**ABOUT THIS TASK**
Please count the lines in the entries below that include the word "UNSPECIFIED", and give only the number.

(Data excerpts)
◆ ◆ ◆ ◆ ◆

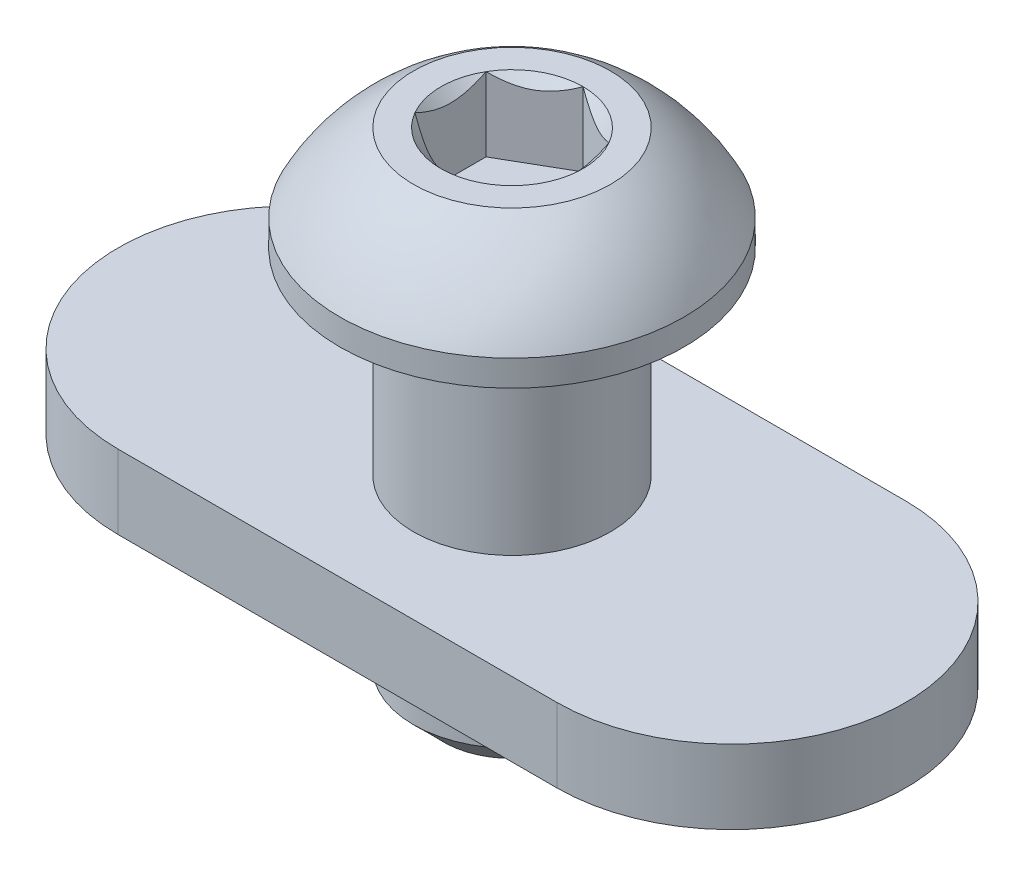
ISO-10303-21;
HEADER;
FILE_DESCRIPTION(('STEP AP214'),'2;1');
FILE_NAME('part.step','',(''),(''),'','','');
FILE_SCHEMA(('AUTOMOTIVE_DESIGN { 1 0 10303 214 1 1 1 1 }'));
ENDSEC;
DATA;
#1=APPLICATION_CONTEXT('core data for automotive mechanical design processes');
#2=APPLICATION_PROTOCOL_DEFINITION('international standard','automotive_design',2000,#1);
#3=PRODUCT_CONTEXT('',#1,'mechanical');
#4=PRODUCT('Part','Part','',(#3));
#5=PRODUCT_RELATED_PRODUCT_CATEGORY('part','',(#4));
#6=PRODUCT_DEFINITION_FORMATION('','',#4);
#7=PRODUCT_DEFINITION_CONTEXT('part definition',#1,'design');
#8=PRODUCT_DEFINITION('design','',#6,#7);
#9=PRODUCT_DEFINITION_SHAPE('','',#8);
#10=(LENGTH_UNIT() NAMED_UNIT(*) SI_UNIT(.MILLI.,.METRE.));
#11=(NAMED_UNIT(*) PLANE_ANGLE_UNIT() SI_UNIT($,.RADIAN.));
#12=(NAMED_UNIT(*) SI_UNIT($,.STERADIAN.) SOLID_ANGLE_UNIT());
#13=UNCERTAINTY_MEASURE_WITH_UNIT(LENGTH_MEASURE(1.E-05),#10,'distance_accuracy_value','');
#14=(GEOMETRIC_REPRESENTATION_CONTEXT(3) GLOBAL_UNCERTAINTY_ASSIGNED_CONTEXT((#13)) GLOBAL_UNIT_ASSIGNED_CONTEXT((#10,
#11,#12)) REPRESENTATION_CONTEXT('',''));
#15=CARTESIAN_POINT('',(0.,0.,0.));
#16=DIRECTION('',(0.,0.,1.));
#17=DIRECTION('',(1.,0.,0.));
#18=AXIS2_PLACEMENT_3D('',#15,#16,#17);
#19=CARTESIAN_POINT('',(-7.0739,-8.7376,0.));
#20=DIRECTION('',(0.,1.,0.));
#21=DIRECTION('',(0.,0.,1.));
#22=AXIS2_PLACEMENT_3D('',#19,#20,#21);
#23=PLANE('',#22);
#24=CARTESIAN_POINT('',(-7.0739,-8.7376,0.));
#25=DIRECTION('',(0.,1.,0.));
#26=DIRECTION('',(0.,0.,1.));
#27=AXIS2_PLACEMENT_3D('',#24,#25,#26);
#28=CIRCLE('',#27,5.6261);
#29=CARTESIAN_POINT('',(-7.0739,-8.7376,-5.6261));
#30=VERTEX_POINT('',#29);
#31=CARTESIAN_POINT('',(-7.0739,-8.7376,5.6261));
#32=VERTEX_POINT('',#31);
#33=EDGE_CURVE('E113',#30,#32,#28,.T.);
#34=ORIENTED_EDGE('',*,*,#33,.F.);
#35=DIRECTION('',(-1.,0.,0.));
#36=VECTOR('',#35,1.);
#37=CARTESIAN_POINT('',(-7.0739,-8.7376,-5.6261));
#38=LINE('',#37,#36);
#39=CARTESIAN_POINT('',(7.0739,-8.7376,-5.6261));
#40=VERTEX_POINT('',#39);
#41=EDGE_CURVE('E110',#40,#30,#38,.T.);
#42=ORIENTED_EDGE('',*,*,#41,.F.);
#43=CARTESIAN_POINT('',(7.0739,-8.7376,0.));
#44=DIRECTION('',(0.,1.,0.));
#45=DIRECTION('',(0.,0.,1.));
#46=AXIS2_PLACEMENT_3D('',#43,#44,#45);
#47=CIRCLE('',#46,5.6261);
#48=CARTESIAN_POINT('',(7.0739,-8.7376,5.6261));
#49=VERTEX_POINT('',#48);
#50=EDGE_CURVE('E102',#49,#40,#47,.T.);
#51=ORIENTED_EDGE('',*,*,#50,.F.);
#52=DIRECTION('',(1.,0.,0.));
#53=VECTOR('',#52,1.);
#54=CARTESIAN_POINT('',(-7.0739,-8.7376,5.6261));
#55=LINE('',#54,#53);
#56=EDGE_CURVE('E109',#32,#49,#55,.T.);
#57=ORIENTED_EDGE('',*,*,#56,.F.);
#58=EDGE_LOOP('',(#34,#42,#51,#57));
#59=FACE_BOUND('',#58,.T.);
#60=CARTESIAN_POINT('',(0.,-8.7376,0.));
#61=DIRECTION('',(0.,1.,0.));
#62=DIRECTION('',(0.,0.,1.));
#63=AXIS2_PLACEMENT_3D('',#60,#61,#62);
#64=CIRCLE('',#63,3.5687);
#65=CARTESIAN_POINT('',(0.,-8.7376,3.5687));
#66=VERTEX_POINT('',#65);
#67=EDGE_CURVE('E13',#66,#66,#64,.F.);
#68=ORIENTED_EDGE('',*,*,#67,.F.);
#69=EDGE_LOOP('',(#68));
#70=FACE_BOUND('',#69,.T.);
#71=ADVANCED_FACE('F52',(#59,#70),#23,.F.);
#72=CARTESIAN_POINT('',(-7.0739,-8.7376,0.));
#73=DIRECTION('',(0.,1.,0.));
#74=DIRECTION('',(0.,0.,1.));
#75=AXIS2_PLACEMENT_3D('',#72,#73,#74);
#76=CYLINDRICAL_SURFACE('',#75,5.6261);
#77=CARTESIAN_POINT('',(-7.0739,-6.35,0.));
#78=DIRECTION('',(0.,1.,0.));
#79=DIRECTION('',(0.,0.,1.));
#80=AXIS2_PLACEMENT_3D('',#77,#78,#79);
#81=CIRCLE('',#80,5.6261);
#82=CARTESIAN_POINT('',(-7.0739,-6.35,-5.6261));
#83=VERTEX_POINT('',#82);
#84=CARTESIAN_POINT('',(-7.0739,-6.35,5.6261));
#85=VERTEX_POINT('',#84);
#86=EDGE_CURVE('E120',#83,#85,#81,.T.);
#87=ORIENTED_EDGE('',*,*,#86,.F.);
#88=DIRECTION('',(0.,1.,0.));
#89=VECTOR('',#88,1.);
#90=CARTESIAN_POINT('',(-7.0739,-8.7376,-5.6261));
#91=LINE('',#90,#89);
#92=EDGE_CURVE('E61',#30,#83,#91,.T.);
#93=ORIENTED_EDGE('',*,*,#92,.F.);
#94=ORIENTED_EDGE('',*,*,#33,.T.);
#95=DIRECTION('',(0.,1.,0.));
#96=VECTOR('',#95,1.);
#97=CARTESIAN_POINT('',(-7.0739,-8.7376,5.6261));
#98=LINE('',#97,#96);
#99=EDGE_CURVE('E96',#32,#85,#98,.T.);
#100=ORIENTED_EDGE('',*,*,#99,.T.);
#101=EDGE_LOOP('',(#87,#93,#94,#100));
#102=FACE_BOUND('',#101,.T.);
#103=ADVANCED_FACE('F54',(#102),#76,.T.);
#104=CARTESIAN_POINT('',(-7.0739,-8.7376,-5.6261));
#105=DIRECTION('',(0.,0.,-1.));
#106=DIRECTION('',(-1.,0.,0.));
#107=AXIS2_PLACEMENT_3D('',#104,#105,#106);
#108=PLANE('',#107);
#109=DIRECTION('',(-1.,0.,0.));
#110=VECTOR('',#109,1.);
#111=CARTESIAN_POINT('',(-7.0739,-6.35,-5.6261));
#112=LINE('',#111,#110);
#113=CARTESIAN_POINT('',(7.0739,-6.35,-5.6261));
#114=VERTEX_POINT('',#113);
#115=EDGE_CURVE('E115',#114,#83,#112,.T.);
#116=ORIENTED_EDGE('',*,*,#115,.F.);
#117=DIRECTION('',(0.,1.,0.));
#118=VECTOR('',#117,1.);
#119=CARTESIAN_POINT('',(7.0739,-8.7376,-5.6261));
#120=LINE('',#119,#118);
#121=EDGE_CURVE('E85',#40,#114,#120,.T.);
#122=ORIENTED_EDGE('',*,*,#121,.F.);
#123=ORIENTED_EDGE('',*,*,#41,.T.);
#124=ORIENTED_EDGE('',*,*,#92,.T.);
#125=EDGE_LOOP('',(#116,#122,#123,#124));
#126=FACE_BOUND('',#125,.T.);
#127=ADVANCED_FACE('F132',(#126),#108,.T.);
#128=CARTESIAN_POINT('',(7.0739,-8.7376,0.));
#129=DIRECTION('',(0.,1.,0.));
#130=DIRECTION('',(0.,0.,1.));
#131=AXIS2_PLACEMENT_3D('',#128,#129,#130);
#132=CYLINDRICAL_SURFACE('',#131,5.6261);
#133=CARTESIAN_POINT('',(7.0739,-6.35,0.));
#134=DIRECTION('',(0.,1.,0.));
#135=DIRECTION('',(0.,0.,1.));
#136=AXIS2_PLACEMENT_3D('',#133,#134,#135);
#137=CIRCLE('',#136,5.6261);
#138=CARTESIAN_POINT('',(7.0739,-6.35,5.6261));
#139=VERTEX_POINT('',#138);
#140=EDGE_CURVE('E104',#139,#114,#137,.T.);
#141=ORIENTED_EDGE('',*,*,#140,.F.);
#142=DIRECTION('',(0.,1.,0.));
#143=VECTOR('',#142,1.);
#144=CARTESIAN_POINT('',(7.0739,-8.7376,5.6261));
#145=LINE('',#144,#143);
#146=EDGE_CURVE('E99',#49,#139,#145,.T.);
#147=ORIENTED_EDGE('',*,*,#146,.F.);
#148=ORIENTED_EDGE('',*,*,#50,.T.);
#149=ORIENTED_EDGE('',*,*,#121,.T.);
#150=EDGE_LOOP('',(#141,#147,#148,#149));
#151=FACE_BOUND('',#150,.T.);
#152=ADVANCED_FACE('F101',(#151),#132,.T.);
#153=CARTESIAN_POINT('',(-7.0739,-8.7376,5.6261));
#154=DIRECTION('',(0.,0.,1.));
#155=DIRECTION('',(1.,0.,0.));
#156=AXIS2_PLACEMENT_3D('',#153,#154,#155);
#157=PLANE('',#156);
#158=DIRECTION('',(1.,0.,0.));
#159=VECTOR('',#158,1.);
#160=CARTESIAN_POINT('',(-7.0739,-6.35,5.6261));
#161=LINE('',#160,#159);
#162=EDGE_CURVE('E123',#85,#139,#161,.T.);
#163=ORIENTED_EDGE('',*,*,#162,.F.);
#164=ORIENTED_EDGE('',*,*,#99,.F.);
#165=ORIENTED_EDGE('',*,*,#56,.T.);
#166=ORIENTED_EDGE('',*,*,#146,.T.);
#167=EDGE_LOOP('',(#163,#164,#165,#166));
#168=FACE_BOUND('',#167,.T.);
#169=ADVANCED_FACE('F112',(#168),#157,.T.);
#170=CARTESIAN_POINT('',(-7.0739,-6.35,0.));
#171=DIRECTION('',(0.,1.,0.));
#172=DIRECTION('',(0.,0.,1.));
#173=AXIS2_PLACEMENT_3D('',#170,#171,#172);
#174=PLANE('',#173);
#175=CARTESIAN_POINT('',(0.,-6.35,0.));
#176=DIRECTION('',(0.,1.,0.));
#177=DIRECTION('',(0.,0.,1.));
#178=AXIS2_PLACEMENT_3D('',#175,#176,#177);
#179=CIRCLE('',#178,3.175);
#180=CARTESIAN_POINT('',(0.,-6.35,3.175));
#181=VERTEX_POINT('',#180);
#182=EDGE_CURVE('E124',#181,#181,#179,.T.);
#183=ORIENTED_EDGE('',*,*,#182,.F.);
#184=EDGE_LOOP('',(#183));
#185=FACE_BOUND('',#184,.T.);
#186=ORIENTED_EDGE('',*,*,#86,.T.);
#187=ORIENTED_EDGE('',*,*,#162,.T.);
#188=ORIENTED_EDGE('',*,*,#140,.T.);
#189=ORIENTED_EDGE('',*,*,#115,.T.);
#190=EDGE_LOOP('',(#186,#187,#188,#189));
#191=FACE_BOUND('',#190,.T.);
#192=ADVANCED_FACE('F131',(#185,#191),#174,.T.);
#193=CARTESIAN_POINT('',(0.,-8.7376,0.));
#194=DIRECTION('',(0.,1.,0.));
#195=DIRECTION('',(0.,0.,1.));
#196=AXIS2_PLACEMENT_3D('',#193,#194,#195);
#197=CYLINDRICAL_SURFACE('',#196,3.175);
#198=ORIENTED_EDGE('',*,*,#182,.T.);
#199=EDGE_LOOP('',(#198));
#200=FACE_BOUND('',#199,.T.);
#201=CARTESIAN_POINT('',(0.,-9.4996,0.));
#202=DIRECTION('',(0.,-1.,0.));
#203=DIRECTION('',(0.,0.,-1.));
#204=AXIS2_PLACEMENT_3D('',#201,#202,#203);
#205=CIRCLE('',#204,3.175);
#206=CARTESIAN_POINT('',(0.,-9.4996,-3.175));
#207=VERTEX_POINT('',#206);
#208=EDGE_CURVE('E160',#207,#207,#205,.T.);
#209=ORIENTED_EDGE('',*,*,#208,.T.);
#210=EDGE_LOOP('',(#209));
#211=FACE_BOUND('',#210,.T.);
#212=ADVANCED_FACE('F146',(#200,#211),#197,.F.);
#213=CARTESIAN_POINT('',(0.,-9.4996,0.));
#214=DIRECTION('',(0.,-1.,0.));
#215=DIRECTION('',(0.,0.,-1.));
#216=AXIS2_PLACEMENT_3D('',#213,#214,#215);
#217=PLANE('',#216);
#218=CARTESIAN_POINT('',(0.,-9.4996,0.));
#219=DIRECTION('',(0.,-1.,0.));
#220=DIRECTION('',(0.,0.,-1.));
#221=AXIS2_PLACEMENT_3D('',#218,#219,#220);
#222=CIRCLE('',#221,3.5687);
#223=CARTESIAN_POINT('',(0.,-9.4996,3.5687));
#224=VERTEX_POINT('',#223);
#225=EDGE_CURVE('E158',#224,#224,#222,.T.);
#226=ORIENTED_EDGE('',*,*,#225,.T.);
#227=EDGE_LOOP('',(#226));
#228=FACE_BOUND('',#227,.T.);
#229=ORIENTED_EDGE('',*,*,#208,.F.);
#230=EDGE_LOOP('',(#229));
#231=FACE_BOUND('',#230,.T.);
#232=ADVANCED_FACE('F154',(#228,#231),#217,.T.);
#233=CARTESIAN_POINT('',(0.,-9.4996,0.));
#234=DIRECTION('',(0.,1.,0.));
#235=DIRECTION('',(0.,0.,1.));
#236=AXIS2_PLACEMENT_3D('',#233,#234,#235);
#237=CYLINDRICAL_SURFACE('',#236,3.5687);
#238=CARTESIAN_POINT('',(0.,-9.4996,3.5687));
#239=CARTESIAN_POINT('',(0.,-9.4916625,3.5687));
#240=CARTESIAN_POINT('',(0.,-9.483725,3.5687));
#241=CARTESIAN_POINT('',(0.,-9.46785,3.5687));
#242=CARTESIAN_POINT('',(0.,-9.4599125,3.5687));
#243=CARTESIAN_POINT('',(0.,-9.4440375,3.5687));
#244=CARTESIAN_POINT('',(0.,-9.4361,3.5687));
#245=CARTESIAN_POINT('',(0.,-9.420225,3.5687));
#246=CARTESIAN_POINT('',(0.,-9.4122875,3.5687));
#247=CARTESIAN_POINT('',(0.,-9.3964125,3.5687));
#248=CARTESIAN_POINT('',(0.,-9.388475,3.5687));
#249=CARTESIAN_POINT('',(0.,-9.3726,3.5687));
#250=CARTESIAN_POINT('',(0.,-9.3646625,3.5687));
#251=CARTESIAN_POINT('',(0.,-9.3487875,3.5687));
#252=CARTESIAN_POINT('',(0.,-9.34085,3.5687));
#253=CARTESIAN_POINT('',(0.,-9.324975,3.5687));
#254=CARTESIAN_POINT('',(0.,-9.3170375,3.5687));
#255=CARTESIAN_POINT('',(0.,-9.3011625,3.5687));
#256=CARTESIAN_POINT('',(0.,-9.293225,3.5687));
#257=CARTESIAN_POINT('',(0.,-9.27735,3.5687));
#258=CARTESIAN_POINT('',(0.,-9.2694125,3.5687));
#259=CARTESIAN_POINT('',(0.,-9.2535375,3.5687));
#260=CARTESIAN_POINT('',(0.,-9.2456,3.5687));
#261=CARTESIAN_POINT('',(0.,-9.229725,3.5687));
#262=CARTESIAN_POINT('',(0.,-9.2217875,3.5687));
#263=CARTESIAN_POINT('',(0.,-9.2059125,3.5687));
#264=CARTESIAN_POINT('',(0.,-9.197975,3.5687));
#265=CARTESIAN_POINT('',(0.,-9.1821,3.5687));
#266=CARTESIAN_POINT('',(0.,-9.1741625,3.5687));
#267=CARTESIAN_POINT('',(0.,-9.1582875,3.5687));
#268=CARTESIAN_POINT('',(0.,-9.15035,3.5687));
#269=CARTESIAN_POINT('',(0.,-9.134475,3.5687));
#270=CARTESIAN_POINT('',(0.,-9.1265375,3.5687));
#271=CARTESIAN_POINT('',(0.,-9.1106625,3.5687));
#272=CARTESIAN_POINT('',(0.,-9.102725,3.5687));
#273=CARTESIAN_POINT('',(0.,-9.08685,3.5687));
#274=CARTESIAN_POINT('',(0.,-9.0789125,3.5687));
#275=CARTESIAN_POINT('',(0.,-9.0630375,3.5687));
#276=CARTESIAN_POINT('',(0.,-9.0551,3.5687));
#277=CARTESIAN_POINT('',(0.,-9.039225,3.5687));
#278=CARTESIAN_POINT('',(0.,-9.0312875,3.5687));
#279=CARTESIAN_POINT('',(0.,-9.0154125,3.5687));
#280=CARTESIAN_POINT('',(0.,-9.007475,3.5687));
#281=CARTESIAN_POINT('',(0.,-8.9916,3.5687));
#282=CARTESIAN_POINT('',(0.,-8.9836625,3.5687));
#283=CARTESIAN_POINT('',(0.,-8.9677875,3.5687));
#284=CARTESIAN_POINT('',(0.,-8.95985,3.5687));
#285=CARTESIAN_POINT('',(0.,-8.943975,3.5687));
#286=CARTESIAN_POINT('',(0.,-8.9360375,3.5687));
#287=CARTESIAN_POINT('',(0.,-8.9201625,3.5687));
#288=CARTESIAN_POINT('',(0.,-8.912225,3.5687));
#289=CARTESIAN_POINT('',(0.,-8.89635,3.5687));
#290=CARTESIAN_POINT('',(0.,-8.8884125,3.5687));
#291=CARTESIAN_POINT('',(0.,-8.8725375,3.5687));
#292=CARTESIAN_POINT('',(0.,-8.8646,3.5687));
#293=CARTESIAN_POINT('',(0.,-8.848725,3.5687));
#294=CARTESIAN_POINT('',(0.,-8.8407875,3.5687));
#295=CARTESIAN_POINT('',(0.,-8.8249125,3.5687));
#296=CARTESIAN_POINT('',(0.,-8.816975,3.5687));
#297=CARTESIAN_POINT('',(0.,-8.8011,3.5687));
#298=CARTESIAN_POINT('',(0.,-8.7931625,3.5687));
#299=CARTESIAN_POINT('',(0.,-8.7772875,3.5687));
#300=CARTESIAN_POINT('',(0.,-8.76935,3.5687));
#301=CARTESIAN_POINT('',(0.,-8.753475,3.5687));
#302=CARTESIAN_POINT('',(0.,-8.7455375,3.5687));
#303=CARTESIAN_POINT('',(0.,-8.7376,3.5687));
#304=B_SPLINE_CURVE_WITH_KNOTS('',3,(#238,#239,#240,#241,#242,#243,#244,#245,#246,#247,#248,
#249,#250,#251,#252,#253,#254,#255,#256,#257,#258,#259,#260,#261,#262,#263,#264,#265,#266,#267,
#268,#269,#270,#271,#272,#273,#274,#275,#276,#277,#278,#279,#280,#281,#282,#283,#284,#285,#286,
#287,#288,#289,#290,#291,#292,#293,#294,#295,#296,#297,#298,#299,#300,#301,#302,#303),
.UNSPECIFIED.,.F.,.F.,(4,2,2,2,2,2,2,2,2,2,2,2,2,2,2,2,2,2,2,2,2,2,2,2,2,2,2,2,2,2,2,2,4),(0.,
0.0238125000000013,0.0476250000000008,0.0714375000000003,0.0952499999999998,0.119062500000001,
0.142875000000001,0.1666875,0.1905,0.214312500000001,0.238125,0.2619375,0.28575,
0.309562500000001,0.333375,0.3571875,0.380999999999999,0.404812500000001,0.428625,0.4524375,
0.476249999999999,0.500062500000001,0.523875,0.5476875,0.571499999999999,0.5953125,0.619125,
0.642937499999999,0.666749999999999,0.6905625,0.714375,0.738187499999999,0.761999999999999),.UNSPECIFIED.);
#305=EDGE_CURVE('BSEAM168',#224,#66,#304,.T.);
#306=ORIENTED_EDGE('',*,*,#225,.F.);
#307=ORIENTED_EDGE('',*,*,#67,.T.);
#308=ORIENTED_EDGE('',*,*,#305,.T.);
#309=ORIENTED_EDGE('',*,*,#305,.F.);
#310=EDGE_LOOP('',(#306,#308,#307,#309));
#311=FACE_BOUND('',#310,.T.);
#312=ADVANCED_FACE('F168',(#311),#237,.T.);
#313=CLOSED_SHELL('',(#71,#103,#127,#152,#169,#192,#212,#232,#312));
#314=MANIFOLD_SOLID_BREP('B2',#313);
#315=CARTESIAN_POINT('',(0.,-12.7,0.));
#316=DIRECTION('',(0.,1.,0.));
#317=DIRECTION('',(0.,0.,1.));
#318=AXIS2_PLACEMENT_3D('',#315,#316,#317);
#319=CYLINDRICAL_SURFACE('',#318,3.175);
#320=CARTESIAN_POINT('',(0.,0.,0.));
#321=DIRECTION('',(0.,1.,0.));
#322=DIRECTION('',(0.,0.,1.));
#323=AXIS2_PLACEMENT_3D('',#320,#321,#322);
#324=CIRCLE('',#323,3.175);
#325=CARTESIAN_POINT('',(0.,0.,3.175));
#326=VERTEX_POINT('',#325);
#327=EDGE_CURVE('E244',#326,#326,#324,.T.);
#328=ORIENTED_EDGE('',*,*,#327,.F.);
#329=EDGE_LOOP('',(#328));
#330=FACE_BOUND('',#329,.T.);
#331=CARTESIAN_POINT('',(0.,-11.7376292700446,0.));
#332=DIRECTION('',(0.,1.,0.));
#333=DIRECTION('',(0.,0.,1.));
#334=AXIS2_PLACEMENT_3D('',#331,#332,#333);
#335=CIRCLE('',#334,3.175);
#336=CARTESIAN_POINT('',(0.,-11.7376292700446,3.175));
#337=VERTEX_POINT('',#336);
#338=EDGE_CURVE('E373',#337,#337,#335,.T.);
#339=ORIENTED_EDGE('',*,*,#338,.T.);
#340=EDGE_LOOP('',(#339));
#341=FACE_BOUND('',#340,.T.);
#342=ADVANCED_FACE('F230',(#330,#341),#319,.T.);
#343=CARTESIAN_POINT('',(0.,-12.7,0.));
#344=DIRECTION('',(0.,1.,0.));
#345=DIRECTION('',(0.,0.,-1.));
#346=AXIS2_PLACEMENT_3D('',#343,#344,#345);
#347=CONICAL_SURFACE('',#346,2.21262927004457,0.78539816339745);
#348=ORIENTED_EDGE('',*,*,#338,.F.);
#349=EDGE_LOOP('',(#348));
#350=FACE_BOUND('',#349,.T.);
#351=CARTESIAN_POINT('',(0.,-12.7,0.));
#352=DIRECTION('',(0.,-1.,0.));
#353=DIRECTION('',(0.,0.,-1.));
#354=AXIS2_PLACEMENT_3D('',#351,#352,#353);
#355=CIRCLE('',#354,2.21262927004457);
#356=CARTESIAN_POINT('',(0.,-12.7,-2.21262927004457));
#357=VERTEX_POINT('',#356);
#358=EDGE_CURVE('E369',#357,#357,#355,.T.);
#359=ORIENTED_EDGE('',*,*,#358,.F.);
#360=EDGE_LOOP('',(#359));
#361=FACE_BOUND('',#360,.T.);
#362=ADVANCED_FACE('F385',(#350,#361),#347,.T.);
#363=CARTESIAN_POINT('',(0.,-12.7,0.));
#364=DIRECTION('',(0.,1.,0.));
#365=DIRECTION('',(0.,0.,1.));
#366=AXIS2_PLACEMENT_3D('',#363,#364,#365);
#367=PLANE('',#366);
#368=ORIENTED_EDGE('',*,*,#358,.T.);
#369=EDGE_LOOP('',(#368));
#370=FACE_BOUND('',#369,.T.);
#371=ADVANCED_FACE('F390',(#370),#367,.F.);
#372=CARTESIAN_POINT('',(5.5499,0.,0.));
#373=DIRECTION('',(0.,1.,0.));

◆ ◆ ◆ ◆ ◆

**ANSWER FOR THE TASK**
2